Last Update

November 9, 2009

Research

Research in the Baker lab is directed at understanding and manipulating molecular recognition in the cellular immune system. Specifically, we are interested in presentation of antigens by major histocompatibility complex molecules and their subsequent recognition by T cell receptors. Our approach is largely structural and biophysical.

Most cells of the body express class I major histocompatibility complex molecules, or MHC molecules. As shown in the figure below, class I MHC molecules bind and "present" on the cell surface small peptides derived from proteins produced within the cell as a way to show on the oustide what kind of proteins are being made on the inside.

The complex between peptides and class I MHC molecules are recognized by T cell receptors (TCRs) expressed on the surface of cytotoxic T lymphocytes. Given the proper conditions and other necessary molecular interactions, provided the interaction between a TCR and peptide/MHC is of sufficient strength, recognition of a peptide/MHC by a TCR results in the destruction of the antigen presenting cell.

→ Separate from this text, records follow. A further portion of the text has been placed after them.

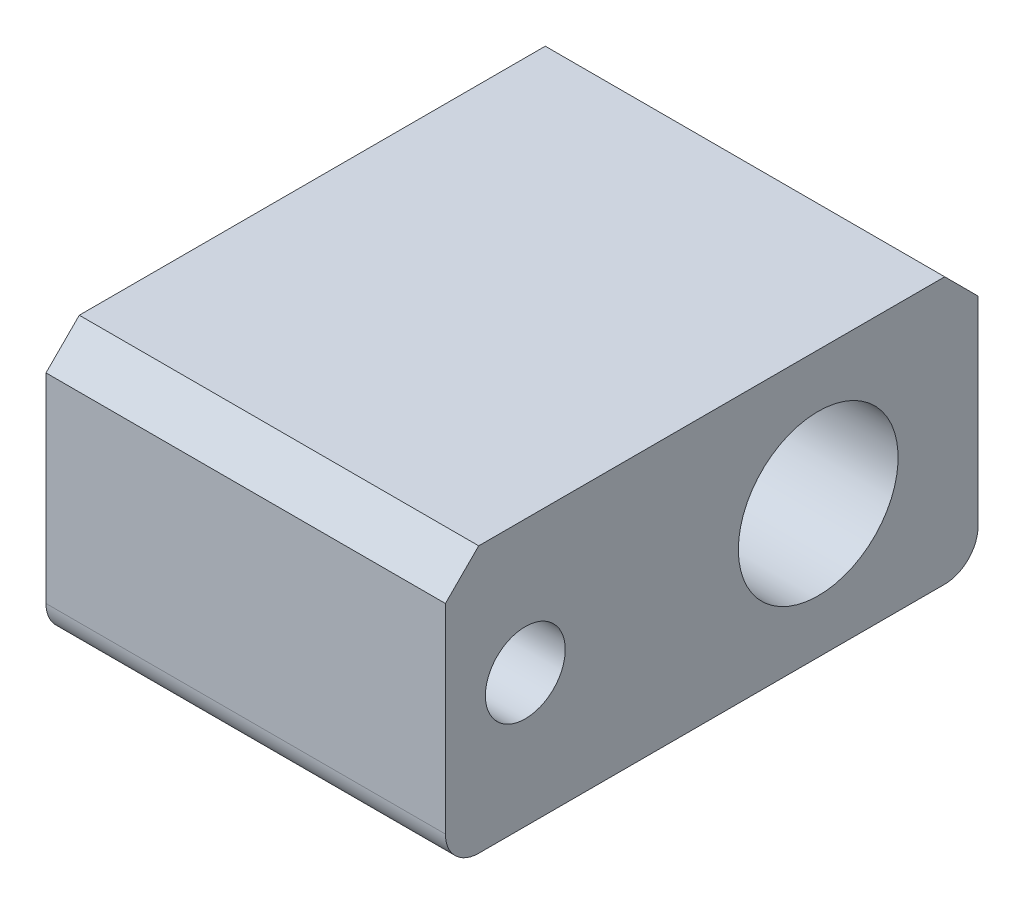
ISO-10303-21;
HEADER;
FILE_DESCRIPTION(('STEP AP214'),'2;1');
FILE_NAME('part.step','',(''),(''),'','','');
FILE_SCHEMA(('AUTOMOTIVE_DESIGN { 1 0 10303 214 1 1 1 1 }'));
ENDSEC;
DATA;
#1=APPLICATION_CONTEXT('core data for automotive mechanical design processes');
#2=APPLICATION_PROTOCOL_DEFINITION('international standard','automotive_design',2000,#1);
#3=PRODUCT_CONTEXT('',#1,'mechanical');
#4=PRODUCT('Part','Part','',(#3));
#5=PRODUCT_RELATED_PRODUCT_CATEGORY('part','',(#4));
#6=PRODUCT_DEFINITION_FORMATION('','',#4);
#7=PRODUCT_DEFINITION_CONTEXT('part definition',#1,'design');
#8=PRODUCT_DEFINITION('design','',#6,#7);
#9=PRODUCT_DEFINITION_SHAPE('','',#8);
#10=(LENGTH_UNIT() NAMED_UNIT(*) SI_UNIT(.MILLI.,.METRE.));
#11=(NAMED_UNIT(*) PLANE_ANGLE_UNIT() SI_UNIT($,.RADIAN.));
#12=(NAMED_UNIT(*) SI_UNIT($,.STERADIAN.) SOLID_ANGLE_UNIT());
#13=UNCERTAINTY_MEASURE_WITH_UNIT(LENGTH_MEASURE(1.E-05),#10,'distance_accuracy_value','');
#14=(GEOMETRIC_REPRESENTATION_CONTEXT(3) GLOBAL_UNCERTAINTY_ASSIGNED_CONTEXT((#13)) GLOBAL_UNIT_ASSIGNED_CONTEXT((#10,
#11,#12)) REPRESENTATION_CONTEXT('',''));
#15=CARTESIAN_POINT('',(0.,0.,0.));
#16=DIRECTION('',(0.,0.,1.));
#17=DIRECTION('',(1.,0.,0.));
#18=AXIS2_PLACEMENT_3D('',#15,#16,#17);
#19=CARTESIAN_POINT('',(76.2,0.,0.));
#20=DIRECTION('',(1.,0.,0.));
#21=DIRECTION('',(0.,0.,-1.));
#22=AXIS2_PLACEMENT_3D('',#19,#20,#21);
#23=PLANE('',#22);
#24=CARTESIAN_POINT('',(76.2,0.,-20.32));
#25=DIRECTION('',(1.,0.,0.));
#26=DIRECTION('',(0.,0.,-1.));
#27=AXIS2_PLACEMENT_3D('',#24,#25,#26);
#28=CIRCLE('',#27,15.24);
#29=CARTESIAN_POINT('',(76.2,0.,-5.08000000000001));
#30=VERTEX_POINT('',#29);
#31=EDGE_CURVE('E150',#30,#30,#28,.T.);
#32=ORIENTED_EDGE('',*,*,#31,.F.);
#33=EDGE_LOOP('',(#32));
#34=FACE_BOUND('',#33,.T.);
#35=DIRECTION('',(0.,1.,0.));
#36=VECTOR('',#35,1.);
#37=CARTESIAN_POINT('',(76.2,25.4,-50.8));
#38=LINE('',#37,#36);
#39=CARTESIAN_POINT('',(76.2,-19.05,-50.8));
#40=VERTEX_POINT('',#39);
#41=CARTESIAN_POINT('',(76.2,19.05,-50.8));
#42=VERTEX_POINT('',#41);
#43=EDGE_CURVE('E133',#40,#42,#38,.T.);
#44=ORIENTED_EDGE('',*,*,#43,.T.);
#45=DIRECTION('',(0.,-0.70710678118655,-0.707106781186545));
#46=VECTOR('',#45,1.);
#47=CARTESIAN_POINT('',(76.2,34.9249999999999,-34.9250000000001));
#48=LINE('',#47,#46);
#49=CARTESIAN_POINT('',(76.2,25.4,-44.45));
#50=VERTEX_POINT('',#49);
#51=EDGE_CURVE('E57',#42,#50,#48,.F.);
#52=ORIENTED_EDGE('',*,*,#51,.T.);
#53=DIRECTION('',(0.,0.,1.));
#54=VECTOR('',#53,1.);
#55=CARTESIAN_POINT('',(76.2,25.4,-50.8));
#56=LINE('',#55,#54);
#57=CARTESIAN_POINT('',(76.2,25.4,44.4499999999999));
#58=VERTEX_POINT('',#57);
#59=EDGE_CURVE('E194',#50,#58,#56,.T.);
#60=ORIENTED_EDGE('',*,*,#59,.T.);
#61=DIRECTION('',(0.,0.707106781186545,-0.70710678118655));
#62=VECTOR('',#61,1.);
#63=CARTESIAN_POINT('',(76.2,34.9250000000001,34.9249999999998));
#64=LINE('',#63,#62);
#65=CARTESIAN_POINT('',(76.2,19.05,50.8));
#66=VERTEX_POINT('',#65);
#67=EDGE_CURVE('E64',#58,#66,#64,.F.);
#68=ORIENTED_EDGE('',*,*,#67,.T.);
#69=DIRECTION('',(0.,-1.,0.));
#70=VECTOR('',#69,1.);
#71=CARTESIAN_POINT('',(76.2,25.4,50.8));
#72=LINE('',#71,#70);
#73=CARTESIAN_POINT('',(76.2,-19.05,50.8));
#74=VERTEX_POINT('',#73);
#75=EDGE_CURVE('E135',#66,#74,#72,.T.);
#76=ORIENTED_EDGE('',*,*,#75,.T.);
#77=CARTESIAN_POINT('',(76.2,-19.05,44.45));
#78=DIRECTION('',(1.,0.,0.));
#79=DIRECTION('',(0.,0.,-1.));
#80=AXIS2_PLACEMENT_3D('',#77,#78,#79);
#81=CIRCLE('',#80,6.35);
#82=CARTESIAN_POINT('',(76.2,-25.4,44.45));
#83=VERTEX_POINT('',#82);
#84=EDGE_CURVE('E165',#74,#83,#81,.T.);
#85=ORIENTED_EDGE('',*,*,#84,.T.);
#86=DIRECTION('',(0.,0.,-1.));
#87=VECTOR('',#86,1.);
#88=CARTESIAN_POINT('',(76.2,-25.4,-50.8));
#89=LINE('',#88,#87);
#90=CARTESIAN_POINT('',(76.2,-25.4,-44.45));
#91=VERTEX_POINT('',#90);
#92=EDGE_CURVE('E155',#83,#91,#89,.T.);
#93=ORIENTED_EDGE('',*,*,#92,.T.);
#94=CARTESIAN_POINT('',(76.2,-19.05,-44.45));
#95=DIRECTION('',(1.,0.,0.));
#96=DIRECTION('',(0.,0.,-1.));
#97=AXIS2_PLACEMENT_3D('',#94,#95,#96);
#98=CIRCLE('',#97,6.35);
#99=EDGE_CURVE('E168',#91,#40,#98,.T.);
#100=ORIENTED_EDGE('',*,*,#99,.T.);
#101=EDGE_LOOP('',(#44,#52,#60,#68,#76,#85,#93,#100));
#102=FACE_BOUND('',#101,.T.);
#103=CARTESIAN_POINT('',(76.2,0.,35.56));
#104=DIRECTION('',(1.,0.,0.));
#105=DIRECTION('',(0.,0.,-1.));
#106=AXIS2_PLACEMENT_3D('',#103,#104,#105);
#107=CIRCLE('',#106,7.62);
#108=CARTESIAN_POINT('',(76.2,0.,43.18));
#109=VERTEX_POINT('',#108);
#110=EDGE_CURVE('E250',#109,#109,#107,.T.);
#111=ORIENTED_EDGE('',*,*,#110,.F.);
#112=EDGE_LOOP('',(#111));
#113=FACE_BOUND('',#112,.T.);
#114=ADVANCED_FACE('F47',(#34,#102,#113),#23,.T.);
#115=CARTESIAN_POINT('',(0.,0.,0.));
#116=DIRECTION('',(1.,0.,0.));
#117=DIRECTION('',(0.,0.,-1.));
#118=AXIS2_PLACEMENT_3D('',#115,#116,#117);
#119=PLANE('',#118);
#120=DIRECTION('',(0.,0.,1.));
#121=VECTOR('',#120,1.);
#122=CARTESIAN_POINT('',(0.,25.4,-50.8));
#123=LINE('',#122,#121);
#124=CARTESIAN_POINT('',(0.,25.4,-44.45));
#125=VERTEX_POINT('',#124);
#126=CARTESIAN_POINT('',(0.,25.4,44.4499999999999));
#127=VERTEX_POINT('',#126);
#128=EDGE_CURVE('E142',#125,#127,#123,.T.);
#129=ORIENTED_EDGE('',*,*,#128,.F.);
#130=DIRECTION('',(0.,0.70710678118655,0.707106781186545));
#131=VECTOR('',#130,1.);
#132=CARTESIAN_POINT('',(0.,25.4,-44.45));
#133=LINE('',#132,#131);
#134=CARTESIAN_POINT('',(0.,19.05,-50.8));
#135=VERTEX_POINT('',#134);
#136=EDGE_CURVE('E140',#125,#135,#133,.F.);
#137=ORIENTED_EDGE('',*,*,#136,.T.);
#138=DIRECTION('',(0.,1.,0.));
#139=VECTOR('',#138,1.);
#140=CARTESIAN_POINT('',(0.,25.4,-50.8));
#141=LINE('',#140,#139);
#142=CARTESIAN_POINT('',(0.,-19.05,-50.8));
#143=VERTEX_POINT('',#142);
#144=EDGE_CURVE('E132',#143,#135,#141,.T.);
#145=ORIENTED_EDGE('',*,*,#144,.F.);
#146=CARTESIAN_POINT('',(0.,-19.05,-44.45));
#147=DIRECTION('',(1.,0.,0.));
#148=DIRECTION('',(0.,0.,-1.));
#149=AXIS2_PLACEMENT_3D('',#146,#147,#148);
#150=CIRCLE('',#149,6.35);
#151=CARTESIAN_POINT('',(0.,-25.4,-44.45));
#152=VERTEX_POINT('',#151);
#153=EDGE_CURVE('E117',#143,#152,#150,.F.);
#154=ORIENTED_EDGE('',*,*,#153,.T.);
#155=DIRECTION('',(0.,0.,-1.));
#156=VECTOR('',#155,1.);
#157=CARTESIAN_POINT('',(0.,-25.4,-50.8));
#158=LINE('',#157,#156);
#159=CARTESIAN_POINT('',(0.,-25.4,44.45));
#160=VERTEX_POINT('',#159);
#161=EDGE_CURVE('E143',#160,#152,#158,.T.);
#162=ORIENTED_EDGE('',*,*,#161,.F.);
#163=CARTESIAN_POINT('',(0.,-19.05,44.45));
#164=DIRECTION('',(1.,0.,0.));
#165=DIRECTION('',(0.,0.,-1.));
#166=AXIS2_PLACEMENT_3D('',#163,#164,#165);
#167=CIRCLE('',#166,6.35);
#168=CARTESIAN_POINT('',(0.,-19.05,50.8));
#169=VERTEX_POINT('',#168);
#170=EDGE_CURVE('E129',#160,#169,#167,.F.);
#171=ORIENTED_EDGE('',*,*,#170,.T.);
#172=DIRECTION('',(0.,-1.,0.));
#173=VECTOR('',#172,1.);
#174=CARTESIAN_POINT('',(0.,25.4,50.8));
#175=LINE('',#174,#173);
#176=CARTESIAN_POINT('',(0.,19.05,50.8));
#177=VERTEX_POINT('',#176);
#178=EDGE_CURVE('E148',#177,#169,#175,.T.);
#179=ORIENTED_EDGE('',*,*,#178,.F.);
#180=DIRECTION('',(0.,-0.707106781186545,0.70710678118655));
#181=VECTOR('',#180,1.);
#182=CARTESIAN_POINT('',(0.,19.05,50.8));
#183=LINE('',#182,#181);
#184=EDGE_CURVE('E182',#177,#127,#183,.F.);
#185=ORIENTED_EDGE('',*,*,#184,.T.);
#186=EDGE_LOOP('',(#129,#137,#145,#154,#162,#171,#179,#185));
#187=FACE_BOUND('',#186,.T.);
#188=CARTESIAN_POINT('',(0.,0.,-20.32));
#189=DIRECTION('',(1.,0.,0.));
#190=DIRECTION('',(0.,0.,-1.));
#191=AXIS2_PLACEMENT_3D('',#188,#189,#190);
#192=CIRCLE('',#191,15.24);
#193=CARTESIAN_POINT('',(0.,0.,-5.08000000000001));
#194=VERTEX_POINT('',#193);
#195=EDGE_CURVE('E258',#194,#194,#192,.T.);
#196=ORIENTED_EDGE('',*,*,#195,.T.);
#197=EDGE_LOOP('',(#196));
#198=FACE_BOUND('',#197,.T.);
#199=CARTESIAN_POINT('',(0.,0.,35.56));
#200=DIRECTION('',(1.,0.,0.));
#201=DIRECTION('',(0.,0.,-1.));
#202=AXIS2_PLACEMENT_3D('',#199,#200,#201);
#203=CIRCLE('',#202,7.62);
#204=CARTESIAN_POINT('',(0.,0.,43.18));
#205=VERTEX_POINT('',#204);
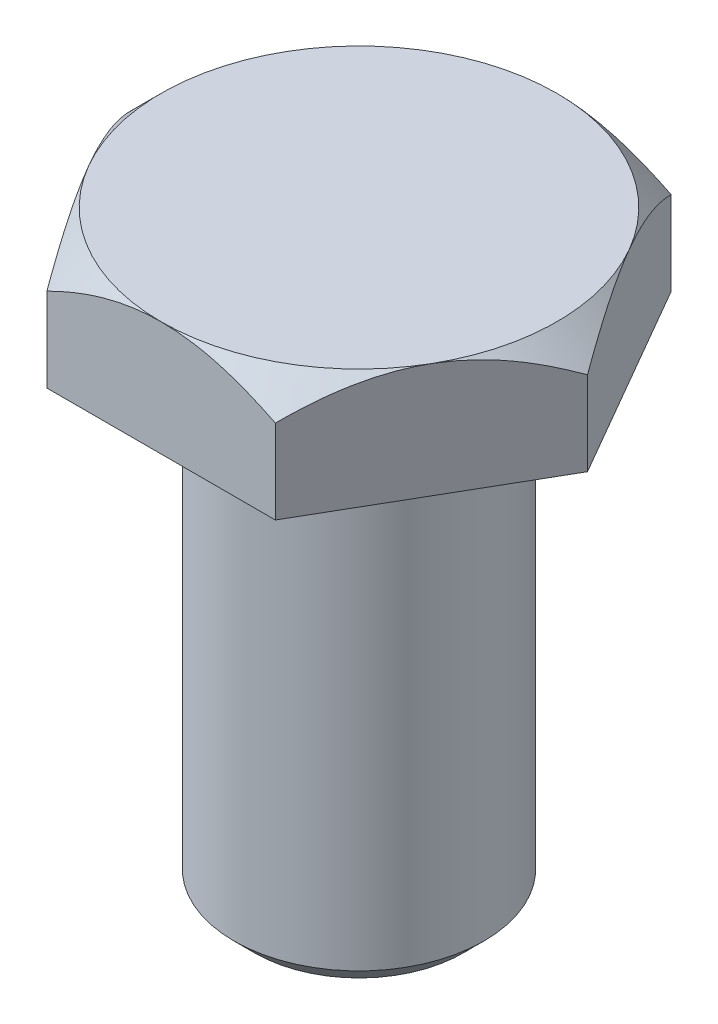
ISO-10303-21;
HEADER;
FILE_DESCRIPTION(('STEP AP214'),'2;1');
FILE_NAME('part.step','',(''),(''),'','','');
FILE_SCHEMA(('AUTOMOTIVE_DESIGN { 1 0 10303 214 1 1 1 1 }'));
ENDSEC;
DATA;
#1=APPLICATION_CONTEXT('core data for automotive mechanical design processes');
#2=APPLICATION_PROTOCOL_DEFINITION('international standard','automotive_design',2000,#1);
#3=PRODUCT_CONTEXT('',#1,'mechanical');
#4=PRODUCT('Part','Part','',(#3));
#5=PRODUCT_RELATED_PRODUCT_CATEGORY('part','',(#4));
#6=PRODUCT_DEFINITION_FORMATION('','',#4);
#7=PRODUCT_DEFINITION_CONTEXT('part definition',#1,'design');
#8=PRODUCT_DEFINITION('design','',#6,#7);
#9=PRODUCT_DEFINITION_SHAPE('','',#8);
#10=(LENGTH_UNIT() NAMED_UNIT(*) SI_UNIT(.MILLI.,.METRE.));
#11=(NAMED_UNIT(*) PLANE_ANGLE_UNIT() SI_UNIT($,.RADIAN.));
#12=(NAMED_UNIT(*) SI_UNIT($,.STERADIAN.) SOLID_ANGLE_UNIT());
#13=UNCERTAINTY_MEASURE_WITH_UNIT(LENGTH_MEASURE(1.E-05),#10,'distance_accuracy_value','');
#14=(GEOMETRIC_REPRESENTATION_CONTEXT(3) GLOBAL_UNCERTAINTY_ASSIGNED_CONTEXT((#13)) GLOBAL_UNIT_ASSIGNED_CONTEXT((#10,
#11,#12)) REPRESENTATION_CONTEXT('',''));
#15=CARTESIAN_POINT('',(0.,0.,0.));
#16=DIRECTION('',(0.,0.,1.));
#17=DIRECTION('',(1.,0.,0.));
#18=AXIS2_PLACEMENT_3D('',#15,#16,#17);
#19=CARTESIAN_POINT('',(5.48482755730145,5.5,9.5));
#20=DIRECTION('',(-0.866025403784439,0.,-0.5));
#21=DIRECTION('',(-0.5,0.,0.866025403784439));
#22=AXIS2_PLACEMENT_3D('',#19,#20,#21);
#23=PLANE('',#22);
#24=CARTESIAN_POINT('',(5.48471208724761,4.03022941352008,9.5002));
#25=CARTESIAN_POINT('',(5.57900903100241,4.12451305275812,9.33687290241823));
#26=CARTESIAN_POINT('',(5.67404447275101,4.21591967907672,9.17226668878989));
#27=CARTESIAN_POINT('',(5.86570730642932,4.39206501429793,8.84029692293643));
#28=CARTESIAN_POINT('',(5.96233553343551,4.47680008162165,8.67293192431642));
#29=CARTESIAN_POINT('',(6.15775465782218,4.63904726595057,8.33445607210808));
#30=CARTESIAN_POINT('',(6.25655477026744,4.71651524790198,8.16332925755938));
#31=CARTESIAN_POINT('',(6.45577775543312,4.86254572212603,7.81826492521687));
#32=CARTESIAN_POINT('',(6.55620037740737,4.93110957593673,7.6443278417282));
#33=CARTESIAN_POINT('',(6.75705373920339,5.05716241426521,7.29643961422646));
#34=CARTESIAN_POINT('',(6.8574597962813,5.11480781409619,7.12253122197986));
#35=CARTESIAN_POINT('',(7.05967942874735,5.21916953089301,6.77227654426076));
#36=CARTESIAN_POINT('',(7.16149285135171,5.26588702447714,6.59593052341753));
#37=CARTESIAN_POINT('',(7.36609172761754,5.3472167639281,6.24155487455362));
#38=CARTESIAN_POINT('',(7.46887444897753,5.38185625756676,6.06352997901792));
#39=CARTESIAN_POINT('',(7.67530278601613,5.43826883773012,5.70598561114512));
#40=CARTESIAN_POINT('',(7.77894827040215,5.46004384690283,5.52646636621343));
#41=CARTESIAN_POINT('',(8.03152319659844,5.49655435673329,5.08899376132351));
#42=CARTESIAN_POINT('',(8.18072563612125,5.50421609749858,4.83056755545678));
#43=CARTESIAN_POINT('',(8.47886067593323,5.49135626172781,4.31418251898585));
#44=CARTESIAN_POINT('',(8.62779316331623,5.47082480615118,4.05622388394088));
#45=CARTESIAN_POINT('',(8.92425422695666,5.40279045892086,3.54273825924976));
#46=CARTESIAN_POINT('',(9.07178104546182,5.35525740747113,3.28721431411982));
#47=CARTESIAN_POINT('',(9.36429897995981,5.2358036134359,2.78055838944421));
#48=CARTESIAN_POINT('',(9.50929028950328,5.1638847409879,2.52942607465897));
#49=CARTESIAN_POINT('',(9.76666961157864,5.01592936852339,2.0836320120068));
#50=CARTESIAN_POINT('',(9.87962765862301,4.94378482539215,1.88798293540221));
#51=CARTESIAN_POINT('',(10.1035161311739,4.78787046820498,1.5001967257151));
#52=CARTESIAN_POINT('',(10.2144464952021,4.70410030232546,1.30805969911616));
#53=CARTESIAN_POINT('',(10.4339302023285,4.52681237218113,0.927902766939698));
#54=CARTESIAN_POINT('',(10.5424897875299,4.43332526303183,0.739872049722142));
#55=CARTESIAN_POINT('',(10.7575988522843,4.23783068526742,0.367292220399022));
#56=CARTESIAN_POINT('',(10.8641495158537,4.13582844079842,0.182741057516513));
#57=CARTESIAN_POINT('',(10.9697705846567,4.03022941352008,-0.000200000000001017));
#58=B_SPLINE_CURVE_WITH_KNOTS('',3,(#24,#25,#26,#27,#28,#29,#30,#31,#32,#33,#34,#35,#36,#37,#38,
#39,#40,#41,#42,#43,#44,#45,#46,#47,#48,#49,#50,#51,#52,#53,#54,#55,#56,#57),.UNSPECIFIED.,.F.,
.F.,(4,2,2,2,2,2,2,2,2,2,2,2,2,2,2,2,4),(0.,0.63257206267041,1.26548704629925,1.9020259640234,
2.53846743312796,3.16495668699838,3.79137845508004,4.41637774062803,5.04128359391858,
5.93539756360894,6.82982491537984,7.72525327976969,8.62061298969156,9.33174689146321,
10.0429023188133,10.7518786251228,11.4604231176808),.UNSPECIFIED.);
#59=CARTESIAN_POINT('',(5.48482755730146,4.03034488539711,9.5));
#60=VERTEX_POINT('',#59);
#61=CARTESIAN_POINT('',(8.22724133595217,5.5,4.75));
#62=VERTEX_POINT('',#61);
#63=EDGE_CURVE('E123',#60,#62,#58,.T.);
#64=ORIENTED_EDGE('',*,*,#63,.F.);
#65=DIRECTION('',(0.,-1.,0.));
#66=VECTOR('',#65,1.);
#67=CARTESIAN_POINT('',(5.48482755730145,5.5,9.5));
#68=LINE('',#67,#66);
#69=CARTESIAN_POINT('',(5.48482755730145,0.,9.5));
#70=VERTEX_POINT('',#69);
#71=EDGE_CURVE('E69',#60,#70,#68,.T.);
#72=ORIENTED_EDGE('',*,*,#71,.T.);
#73=DIRECTION('',(0.5,0.,-0.866025403784439));
#74=VECTOR('',#73,1.);
#75=CARTESIAN_POINT('',(5.48482755730145,0.,9.5));
#76=LINE('',#75,#74);
#77=CARTESIAN_POINT('',(10.9696551146029,0.,0.));
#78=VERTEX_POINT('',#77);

As diagrammed below, one role of this arm of the immune system is to destroy virally infected cells actively making viral proteins. Another role is to recognize and destroy pre-malignant cells in a process termed cancer immunosurveillance. Recognition of an antigen presented by a class I MHC molecule does not always result in cell killing; T cell recognition of peptide/MHC is also crucial in T cell development, as well as the survival or "maintenance" of the immune system. T cell recognition of antigens presented by class I MHC molecules is also important in autoimmunity and transplant rejection.




Projects in the lab
are mostly related tothe biophysical principles behind TCR recognition of peptide/MHC. One involves elucidating the physical principles behind T cell receptor recognition and specificity. In the simple diagram above, a TCR is shown recognizing a viral peptide. Yet T cell receptors are "cross-reactive" - capable of recognizing a variety of peptides with a range of affinities and kinetics. This has significant consequences for the development of the immune system, the immune responses to pathogens and cancer, as well as autoimmunity. Understanding the physical determinants behind TCR specificity and cross-reactivity is a major focus of our work. We are using a variety of biophysical approaches, aiming to understand the distribution of binding energies in these interfaces as well as the role of protein and peptide dynamics in influencing cross-reactivity and specificity.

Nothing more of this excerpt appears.